- Opening Delimiter -

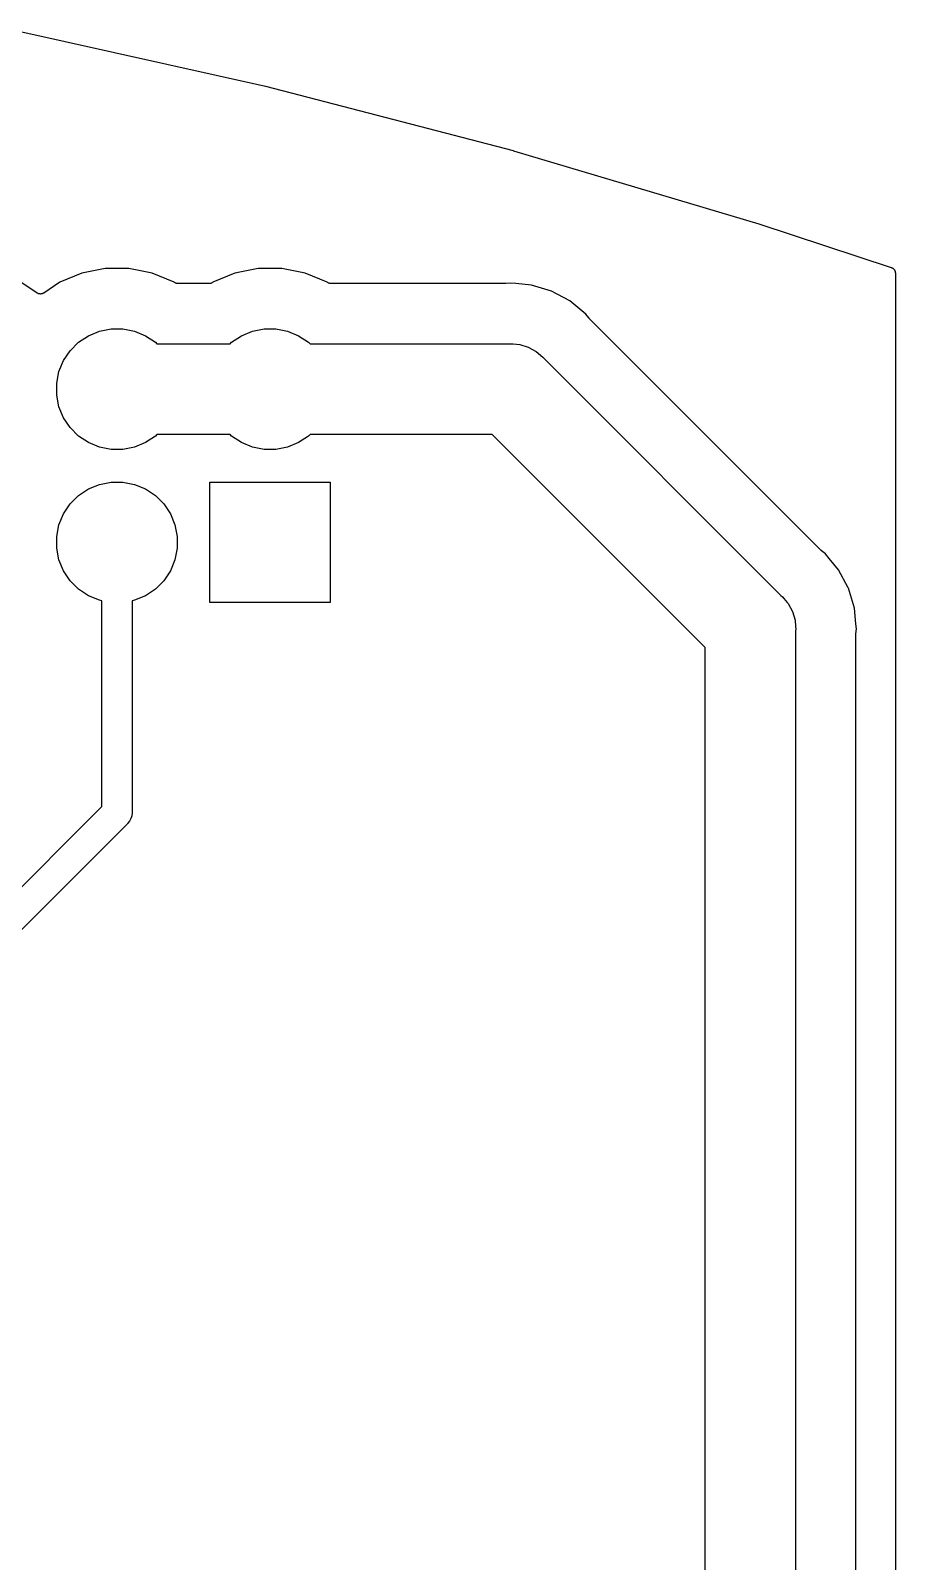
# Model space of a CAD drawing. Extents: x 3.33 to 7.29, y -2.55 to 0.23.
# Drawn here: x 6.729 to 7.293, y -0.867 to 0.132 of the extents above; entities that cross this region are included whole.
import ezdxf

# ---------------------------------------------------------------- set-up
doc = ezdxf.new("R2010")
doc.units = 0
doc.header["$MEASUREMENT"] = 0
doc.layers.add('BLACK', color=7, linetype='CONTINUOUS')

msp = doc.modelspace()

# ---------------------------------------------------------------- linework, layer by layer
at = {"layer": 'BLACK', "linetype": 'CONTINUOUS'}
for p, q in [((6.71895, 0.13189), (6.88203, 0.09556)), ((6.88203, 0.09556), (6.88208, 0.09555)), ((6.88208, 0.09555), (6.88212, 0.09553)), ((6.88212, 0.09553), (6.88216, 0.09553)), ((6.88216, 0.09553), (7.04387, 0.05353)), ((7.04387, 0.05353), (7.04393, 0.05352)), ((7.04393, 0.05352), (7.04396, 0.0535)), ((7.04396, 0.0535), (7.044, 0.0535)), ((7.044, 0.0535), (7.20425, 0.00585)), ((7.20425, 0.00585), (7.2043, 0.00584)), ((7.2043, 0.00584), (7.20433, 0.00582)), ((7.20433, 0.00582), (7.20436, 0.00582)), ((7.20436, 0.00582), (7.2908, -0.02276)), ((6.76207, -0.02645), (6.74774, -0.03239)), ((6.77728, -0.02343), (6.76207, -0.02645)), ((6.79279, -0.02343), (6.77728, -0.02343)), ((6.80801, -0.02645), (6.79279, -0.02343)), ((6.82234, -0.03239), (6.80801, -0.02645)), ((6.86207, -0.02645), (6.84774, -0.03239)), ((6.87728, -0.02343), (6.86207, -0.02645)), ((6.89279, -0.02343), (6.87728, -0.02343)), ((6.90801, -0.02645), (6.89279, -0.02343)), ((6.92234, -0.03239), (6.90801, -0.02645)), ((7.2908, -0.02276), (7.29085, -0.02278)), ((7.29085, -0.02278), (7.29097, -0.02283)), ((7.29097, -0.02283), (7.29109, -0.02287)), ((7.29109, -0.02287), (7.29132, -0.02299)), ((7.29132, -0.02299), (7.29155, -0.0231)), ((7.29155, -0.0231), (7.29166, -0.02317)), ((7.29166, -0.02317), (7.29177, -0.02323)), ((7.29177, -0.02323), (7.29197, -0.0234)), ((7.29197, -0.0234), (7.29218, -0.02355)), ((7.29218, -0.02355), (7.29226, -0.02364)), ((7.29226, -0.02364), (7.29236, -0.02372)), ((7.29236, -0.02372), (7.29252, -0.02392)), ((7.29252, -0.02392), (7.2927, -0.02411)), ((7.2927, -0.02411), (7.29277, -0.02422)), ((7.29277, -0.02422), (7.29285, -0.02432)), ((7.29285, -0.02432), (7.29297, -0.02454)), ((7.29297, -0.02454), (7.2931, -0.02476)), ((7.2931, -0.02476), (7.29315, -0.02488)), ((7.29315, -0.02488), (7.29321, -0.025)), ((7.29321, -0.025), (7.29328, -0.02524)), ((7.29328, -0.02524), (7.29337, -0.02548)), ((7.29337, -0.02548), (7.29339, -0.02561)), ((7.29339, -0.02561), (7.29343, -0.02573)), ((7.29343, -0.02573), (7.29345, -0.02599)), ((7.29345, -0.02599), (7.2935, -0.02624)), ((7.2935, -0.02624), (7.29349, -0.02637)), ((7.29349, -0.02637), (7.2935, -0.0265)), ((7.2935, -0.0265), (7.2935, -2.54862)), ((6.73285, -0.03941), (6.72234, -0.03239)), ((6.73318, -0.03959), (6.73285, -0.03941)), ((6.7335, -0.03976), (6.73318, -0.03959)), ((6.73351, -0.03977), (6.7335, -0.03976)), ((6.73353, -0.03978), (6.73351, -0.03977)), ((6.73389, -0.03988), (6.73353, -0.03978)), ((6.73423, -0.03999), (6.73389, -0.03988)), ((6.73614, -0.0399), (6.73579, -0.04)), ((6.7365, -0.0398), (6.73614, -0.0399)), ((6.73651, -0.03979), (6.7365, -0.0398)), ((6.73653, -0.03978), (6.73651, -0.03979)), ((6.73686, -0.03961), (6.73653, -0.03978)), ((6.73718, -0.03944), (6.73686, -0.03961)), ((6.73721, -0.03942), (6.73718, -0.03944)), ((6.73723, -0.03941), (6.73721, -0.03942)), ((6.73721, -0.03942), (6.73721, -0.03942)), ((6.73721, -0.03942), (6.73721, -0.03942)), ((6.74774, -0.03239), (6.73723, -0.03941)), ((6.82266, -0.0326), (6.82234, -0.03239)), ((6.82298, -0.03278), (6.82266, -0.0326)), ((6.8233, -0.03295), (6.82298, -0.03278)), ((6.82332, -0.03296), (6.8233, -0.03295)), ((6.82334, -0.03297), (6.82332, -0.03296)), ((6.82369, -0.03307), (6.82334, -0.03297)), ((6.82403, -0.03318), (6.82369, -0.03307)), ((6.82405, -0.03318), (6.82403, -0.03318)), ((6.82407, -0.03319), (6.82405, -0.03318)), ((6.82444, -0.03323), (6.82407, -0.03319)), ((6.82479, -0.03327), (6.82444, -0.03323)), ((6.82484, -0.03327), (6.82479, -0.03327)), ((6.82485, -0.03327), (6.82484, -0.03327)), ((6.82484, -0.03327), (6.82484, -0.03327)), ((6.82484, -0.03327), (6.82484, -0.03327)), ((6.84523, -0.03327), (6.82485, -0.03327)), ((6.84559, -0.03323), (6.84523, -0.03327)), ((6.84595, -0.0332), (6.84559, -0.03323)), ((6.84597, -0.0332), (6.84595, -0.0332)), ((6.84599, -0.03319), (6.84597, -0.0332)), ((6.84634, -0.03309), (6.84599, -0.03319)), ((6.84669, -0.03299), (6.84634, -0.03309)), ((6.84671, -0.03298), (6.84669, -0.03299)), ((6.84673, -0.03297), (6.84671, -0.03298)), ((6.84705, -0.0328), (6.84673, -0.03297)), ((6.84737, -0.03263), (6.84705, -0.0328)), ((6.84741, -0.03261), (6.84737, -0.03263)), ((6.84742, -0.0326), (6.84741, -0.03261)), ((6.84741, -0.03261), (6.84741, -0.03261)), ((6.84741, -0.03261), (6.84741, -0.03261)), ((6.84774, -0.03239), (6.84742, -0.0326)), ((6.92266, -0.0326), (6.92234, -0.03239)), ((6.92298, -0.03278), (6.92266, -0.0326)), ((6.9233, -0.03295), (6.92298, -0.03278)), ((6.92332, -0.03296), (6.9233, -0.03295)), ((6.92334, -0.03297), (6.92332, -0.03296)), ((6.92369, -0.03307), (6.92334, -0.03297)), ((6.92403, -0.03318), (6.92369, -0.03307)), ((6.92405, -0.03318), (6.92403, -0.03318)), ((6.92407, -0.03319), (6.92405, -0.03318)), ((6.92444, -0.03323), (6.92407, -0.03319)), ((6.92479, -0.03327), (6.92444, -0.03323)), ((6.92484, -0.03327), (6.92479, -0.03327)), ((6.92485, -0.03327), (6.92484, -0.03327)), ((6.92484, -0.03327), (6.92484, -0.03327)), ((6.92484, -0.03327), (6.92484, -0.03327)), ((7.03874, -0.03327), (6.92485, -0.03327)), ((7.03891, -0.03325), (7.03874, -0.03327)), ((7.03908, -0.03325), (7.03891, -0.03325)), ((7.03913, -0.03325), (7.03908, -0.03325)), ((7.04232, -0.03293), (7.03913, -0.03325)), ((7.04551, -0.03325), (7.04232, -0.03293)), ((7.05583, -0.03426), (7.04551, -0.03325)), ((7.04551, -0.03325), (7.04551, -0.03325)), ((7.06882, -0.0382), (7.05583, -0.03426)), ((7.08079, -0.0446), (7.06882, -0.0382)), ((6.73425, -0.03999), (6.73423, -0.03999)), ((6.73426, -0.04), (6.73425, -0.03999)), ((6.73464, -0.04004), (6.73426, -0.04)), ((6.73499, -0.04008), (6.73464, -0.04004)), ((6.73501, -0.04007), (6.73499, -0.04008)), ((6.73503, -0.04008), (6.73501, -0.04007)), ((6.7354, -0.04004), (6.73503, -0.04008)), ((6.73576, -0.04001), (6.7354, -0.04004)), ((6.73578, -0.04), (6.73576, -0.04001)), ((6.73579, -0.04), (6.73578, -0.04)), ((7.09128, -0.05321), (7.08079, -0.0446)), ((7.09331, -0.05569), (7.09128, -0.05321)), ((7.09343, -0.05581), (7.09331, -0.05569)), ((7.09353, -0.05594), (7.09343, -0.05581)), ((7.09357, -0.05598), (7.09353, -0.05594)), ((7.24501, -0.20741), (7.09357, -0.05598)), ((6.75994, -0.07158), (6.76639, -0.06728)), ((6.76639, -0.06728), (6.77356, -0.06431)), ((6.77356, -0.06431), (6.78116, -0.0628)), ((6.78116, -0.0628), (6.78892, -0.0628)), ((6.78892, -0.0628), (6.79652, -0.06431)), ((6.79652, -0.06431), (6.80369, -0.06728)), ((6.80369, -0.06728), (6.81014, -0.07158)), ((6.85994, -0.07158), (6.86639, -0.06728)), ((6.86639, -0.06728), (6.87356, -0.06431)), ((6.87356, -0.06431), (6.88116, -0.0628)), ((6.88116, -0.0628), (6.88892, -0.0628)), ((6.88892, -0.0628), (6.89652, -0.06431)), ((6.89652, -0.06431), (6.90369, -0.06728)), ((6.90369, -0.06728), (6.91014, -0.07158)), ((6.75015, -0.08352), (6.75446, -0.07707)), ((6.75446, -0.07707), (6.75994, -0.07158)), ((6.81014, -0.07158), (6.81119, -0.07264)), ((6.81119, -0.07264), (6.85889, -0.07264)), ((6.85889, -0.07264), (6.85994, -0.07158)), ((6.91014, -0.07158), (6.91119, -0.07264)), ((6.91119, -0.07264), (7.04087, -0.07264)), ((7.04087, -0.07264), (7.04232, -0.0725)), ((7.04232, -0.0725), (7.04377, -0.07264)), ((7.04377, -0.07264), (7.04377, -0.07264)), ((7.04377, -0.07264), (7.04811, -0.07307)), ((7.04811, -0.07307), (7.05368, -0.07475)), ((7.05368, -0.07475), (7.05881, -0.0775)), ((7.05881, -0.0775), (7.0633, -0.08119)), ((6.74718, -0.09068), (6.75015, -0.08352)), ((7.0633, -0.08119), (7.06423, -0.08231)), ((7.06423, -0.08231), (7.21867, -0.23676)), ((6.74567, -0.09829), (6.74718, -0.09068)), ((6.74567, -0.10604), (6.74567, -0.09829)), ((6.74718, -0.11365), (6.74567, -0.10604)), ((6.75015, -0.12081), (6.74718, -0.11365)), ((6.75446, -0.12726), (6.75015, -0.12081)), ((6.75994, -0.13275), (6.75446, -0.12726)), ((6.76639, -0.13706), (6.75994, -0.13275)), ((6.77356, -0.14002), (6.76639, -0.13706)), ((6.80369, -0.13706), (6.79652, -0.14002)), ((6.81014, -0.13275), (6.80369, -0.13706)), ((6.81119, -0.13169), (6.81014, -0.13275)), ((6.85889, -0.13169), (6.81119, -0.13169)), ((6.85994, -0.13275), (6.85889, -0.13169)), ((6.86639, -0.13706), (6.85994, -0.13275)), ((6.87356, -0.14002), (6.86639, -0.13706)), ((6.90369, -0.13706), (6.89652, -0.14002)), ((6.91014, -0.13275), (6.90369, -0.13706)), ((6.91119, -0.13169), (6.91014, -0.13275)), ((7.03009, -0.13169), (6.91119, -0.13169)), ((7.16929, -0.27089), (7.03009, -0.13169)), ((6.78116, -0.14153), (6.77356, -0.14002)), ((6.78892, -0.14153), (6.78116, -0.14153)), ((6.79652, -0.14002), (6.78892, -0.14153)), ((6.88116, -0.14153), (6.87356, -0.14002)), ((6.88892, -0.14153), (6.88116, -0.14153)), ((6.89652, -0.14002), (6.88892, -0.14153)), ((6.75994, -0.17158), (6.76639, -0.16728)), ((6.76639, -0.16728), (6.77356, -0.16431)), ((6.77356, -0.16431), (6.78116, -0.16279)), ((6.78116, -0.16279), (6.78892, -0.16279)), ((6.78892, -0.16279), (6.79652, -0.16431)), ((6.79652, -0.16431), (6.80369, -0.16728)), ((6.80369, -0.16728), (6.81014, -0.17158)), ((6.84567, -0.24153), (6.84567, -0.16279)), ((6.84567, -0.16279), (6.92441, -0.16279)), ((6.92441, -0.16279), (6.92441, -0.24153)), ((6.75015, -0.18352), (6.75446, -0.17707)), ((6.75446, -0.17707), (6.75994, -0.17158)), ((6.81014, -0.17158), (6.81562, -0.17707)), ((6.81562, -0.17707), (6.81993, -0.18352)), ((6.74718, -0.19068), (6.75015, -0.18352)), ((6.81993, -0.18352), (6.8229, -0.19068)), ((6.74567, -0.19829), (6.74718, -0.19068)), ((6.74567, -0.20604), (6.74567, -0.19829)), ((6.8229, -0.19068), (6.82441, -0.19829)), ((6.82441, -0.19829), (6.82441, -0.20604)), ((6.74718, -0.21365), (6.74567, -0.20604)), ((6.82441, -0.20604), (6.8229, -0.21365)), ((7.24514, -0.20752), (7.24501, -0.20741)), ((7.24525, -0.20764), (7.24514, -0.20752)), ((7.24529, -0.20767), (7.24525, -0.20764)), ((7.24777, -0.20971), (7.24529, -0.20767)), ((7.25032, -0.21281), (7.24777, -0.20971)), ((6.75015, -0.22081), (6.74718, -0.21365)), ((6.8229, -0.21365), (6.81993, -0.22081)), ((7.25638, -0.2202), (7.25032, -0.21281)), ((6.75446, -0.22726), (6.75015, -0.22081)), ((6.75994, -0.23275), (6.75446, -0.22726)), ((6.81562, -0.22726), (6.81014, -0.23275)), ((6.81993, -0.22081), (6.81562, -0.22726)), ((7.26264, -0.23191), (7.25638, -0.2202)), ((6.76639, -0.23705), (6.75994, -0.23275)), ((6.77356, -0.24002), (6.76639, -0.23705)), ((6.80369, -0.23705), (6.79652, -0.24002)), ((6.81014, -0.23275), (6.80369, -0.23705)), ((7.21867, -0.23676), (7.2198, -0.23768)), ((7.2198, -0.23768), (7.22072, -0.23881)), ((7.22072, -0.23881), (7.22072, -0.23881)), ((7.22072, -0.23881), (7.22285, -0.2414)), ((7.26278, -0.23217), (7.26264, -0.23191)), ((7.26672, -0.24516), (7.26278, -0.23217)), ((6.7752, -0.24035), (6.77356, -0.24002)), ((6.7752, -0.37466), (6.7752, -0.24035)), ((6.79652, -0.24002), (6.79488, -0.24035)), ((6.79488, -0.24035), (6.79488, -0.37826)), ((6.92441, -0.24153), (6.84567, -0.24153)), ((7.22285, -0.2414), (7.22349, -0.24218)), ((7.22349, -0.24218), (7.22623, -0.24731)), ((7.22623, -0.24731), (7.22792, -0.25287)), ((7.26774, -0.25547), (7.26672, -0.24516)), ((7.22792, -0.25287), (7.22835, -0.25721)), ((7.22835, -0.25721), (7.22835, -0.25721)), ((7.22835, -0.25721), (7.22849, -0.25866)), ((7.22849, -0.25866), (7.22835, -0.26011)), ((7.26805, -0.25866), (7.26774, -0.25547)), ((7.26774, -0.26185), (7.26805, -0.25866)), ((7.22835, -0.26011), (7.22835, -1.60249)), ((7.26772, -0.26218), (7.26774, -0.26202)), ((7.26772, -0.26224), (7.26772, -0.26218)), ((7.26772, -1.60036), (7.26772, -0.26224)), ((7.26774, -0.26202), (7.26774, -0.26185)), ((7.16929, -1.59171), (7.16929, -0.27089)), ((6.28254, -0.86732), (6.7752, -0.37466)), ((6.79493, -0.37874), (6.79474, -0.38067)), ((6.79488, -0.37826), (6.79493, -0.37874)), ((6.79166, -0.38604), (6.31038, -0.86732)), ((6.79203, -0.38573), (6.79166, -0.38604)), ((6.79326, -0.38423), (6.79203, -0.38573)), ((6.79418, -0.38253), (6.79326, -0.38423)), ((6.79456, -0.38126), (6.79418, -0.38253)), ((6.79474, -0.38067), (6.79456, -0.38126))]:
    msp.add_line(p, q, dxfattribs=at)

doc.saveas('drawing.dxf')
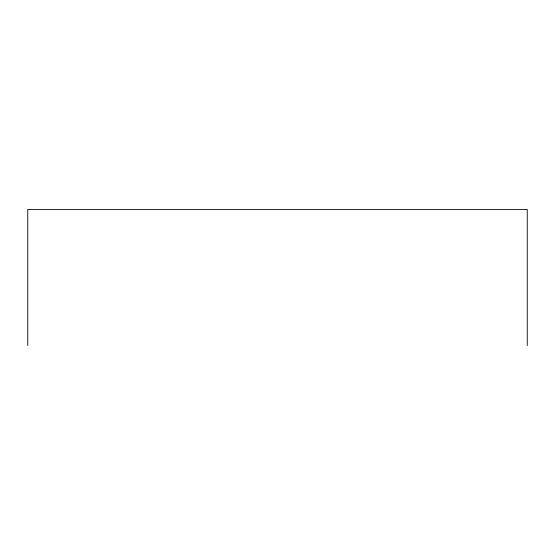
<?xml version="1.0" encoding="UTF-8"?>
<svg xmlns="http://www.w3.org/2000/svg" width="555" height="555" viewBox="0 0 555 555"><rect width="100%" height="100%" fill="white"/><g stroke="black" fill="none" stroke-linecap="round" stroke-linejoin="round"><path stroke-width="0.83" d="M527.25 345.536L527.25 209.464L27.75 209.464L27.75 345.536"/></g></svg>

- Closing Delimiter -

EXERCISE —
Pull every line containing "drawing" from the entries above and copy it.

ANSWER SPACE —
# Model space of a CAD drawing. Extents: x 3.33 to 7.29, y -2.55 to 0.23.
doc.saveas('drawing.dxf')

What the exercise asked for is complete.